Start of Block
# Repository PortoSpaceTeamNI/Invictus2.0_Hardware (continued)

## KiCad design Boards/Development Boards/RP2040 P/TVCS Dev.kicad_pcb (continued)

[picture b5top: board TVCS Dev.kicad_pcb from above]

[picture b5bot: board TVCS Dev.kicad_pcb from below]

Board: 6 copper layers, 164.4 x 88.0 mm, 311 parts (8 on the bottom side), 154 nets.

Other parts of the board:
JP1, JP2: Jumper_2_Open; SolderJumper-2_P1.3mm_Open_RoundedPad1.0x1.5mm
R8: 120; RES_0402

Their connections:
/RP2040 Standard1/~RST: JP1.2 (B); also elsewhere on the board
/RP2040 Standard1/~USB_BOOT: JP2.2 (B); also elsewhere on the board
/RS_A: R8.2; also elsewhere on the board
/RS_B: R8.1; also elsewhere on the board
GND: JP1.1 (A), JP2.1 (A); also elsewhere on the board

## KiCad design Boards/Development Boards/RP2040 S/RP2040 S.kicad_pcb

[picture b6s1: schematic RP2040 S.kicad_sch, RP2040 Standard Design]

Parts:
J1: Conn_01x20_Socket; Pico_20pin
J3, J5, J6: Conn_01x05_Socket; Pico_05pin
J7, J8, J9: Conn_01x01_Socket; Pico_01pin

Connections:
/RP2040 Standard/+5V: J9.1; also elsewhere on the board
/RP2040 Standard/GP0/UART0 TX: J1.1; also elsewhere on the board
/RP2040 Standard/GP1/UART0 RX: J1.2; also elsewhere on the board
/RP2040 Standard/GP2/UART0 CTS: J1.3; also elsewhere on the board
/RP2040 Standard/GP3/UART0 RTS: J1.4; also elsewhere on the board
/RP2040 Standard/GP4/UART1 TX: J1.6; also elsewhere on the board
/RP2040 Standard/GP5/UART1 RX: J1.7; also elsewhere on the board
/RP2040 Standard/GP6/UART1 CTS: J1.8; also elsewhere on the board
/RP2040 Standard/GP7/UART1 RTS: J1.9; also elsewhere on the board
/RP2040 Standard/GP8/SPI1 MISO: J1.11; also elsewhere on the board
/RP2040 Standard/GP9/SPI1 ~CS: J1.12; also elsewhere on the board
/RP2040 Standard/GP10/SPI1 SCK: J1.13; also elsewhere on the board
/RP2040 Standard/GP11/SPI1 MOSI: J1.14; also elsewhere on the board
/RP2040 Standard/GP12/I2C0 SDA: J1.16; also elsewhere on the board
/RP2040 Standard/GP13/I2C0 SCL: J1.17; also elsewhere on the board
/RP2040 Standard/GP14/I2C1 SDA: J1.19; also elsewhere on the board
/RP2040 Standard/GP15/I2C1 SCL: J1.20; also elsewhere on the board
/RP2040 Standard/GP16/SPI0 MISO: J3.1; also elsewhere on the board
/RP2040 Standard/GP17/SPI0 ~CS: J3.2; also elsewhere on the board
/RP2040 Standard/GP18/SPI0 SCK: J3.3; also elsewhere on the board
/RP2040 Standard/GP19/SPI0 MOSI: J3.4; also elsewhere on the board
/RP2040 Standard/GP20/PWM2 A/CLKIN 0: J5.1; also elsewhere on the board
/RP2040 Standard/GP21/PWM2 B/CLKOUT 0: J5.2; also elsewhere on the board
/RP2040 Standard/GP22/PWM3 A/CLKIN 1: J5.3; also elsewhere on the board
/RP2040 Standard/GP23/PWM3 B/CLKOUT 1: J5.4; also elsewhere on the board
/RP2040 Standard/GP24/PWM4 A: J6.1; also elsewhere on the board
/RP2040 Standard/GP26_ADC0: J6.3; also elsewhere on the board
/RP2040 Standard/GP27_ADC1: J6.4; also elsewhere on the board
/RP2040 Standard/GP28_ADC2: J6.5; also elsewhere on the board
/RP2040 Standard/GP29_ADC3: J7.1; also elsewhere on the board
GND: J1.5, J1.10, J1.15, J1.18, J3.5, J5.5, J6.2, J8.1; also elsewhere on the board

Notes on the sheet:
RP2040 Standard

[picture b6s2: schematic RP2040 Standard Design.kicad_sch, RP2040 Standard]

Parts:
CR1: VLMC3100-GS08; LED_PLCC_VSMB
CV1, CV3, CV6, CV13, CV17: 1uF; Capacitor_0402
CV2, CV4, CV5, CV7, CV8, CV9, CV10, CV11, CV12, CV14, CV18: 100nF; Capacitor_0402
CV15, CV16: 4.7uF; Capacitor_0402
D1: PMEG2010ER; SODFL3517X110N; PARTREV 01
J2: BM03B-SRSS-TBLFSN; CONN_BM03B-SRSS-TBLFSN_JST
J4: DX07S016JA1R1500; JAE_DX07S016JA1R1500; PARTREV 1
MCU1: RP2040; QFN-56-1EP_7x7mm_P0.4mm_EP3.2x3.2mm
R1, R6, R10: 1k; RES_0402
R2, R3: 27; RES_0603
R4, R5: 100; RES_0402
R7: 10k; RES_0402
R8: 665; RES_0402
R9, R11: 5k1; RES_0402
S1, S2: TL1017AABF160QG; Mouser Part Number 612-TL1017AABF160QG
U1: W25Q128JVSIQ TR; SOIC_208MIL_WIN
End of Block
DIRECTIONS:
Your answer should consist of each line of the data above in which the word "Development" occurs.

EXERCISE RESPONSE:
## KiCad design Boards/Development Boards/RP2040 P/TVCS Dev.kicad_pcb (continued)
## KiCad design Boards/Development Boards/RP2040 S/RP2040 S.kicad_pcb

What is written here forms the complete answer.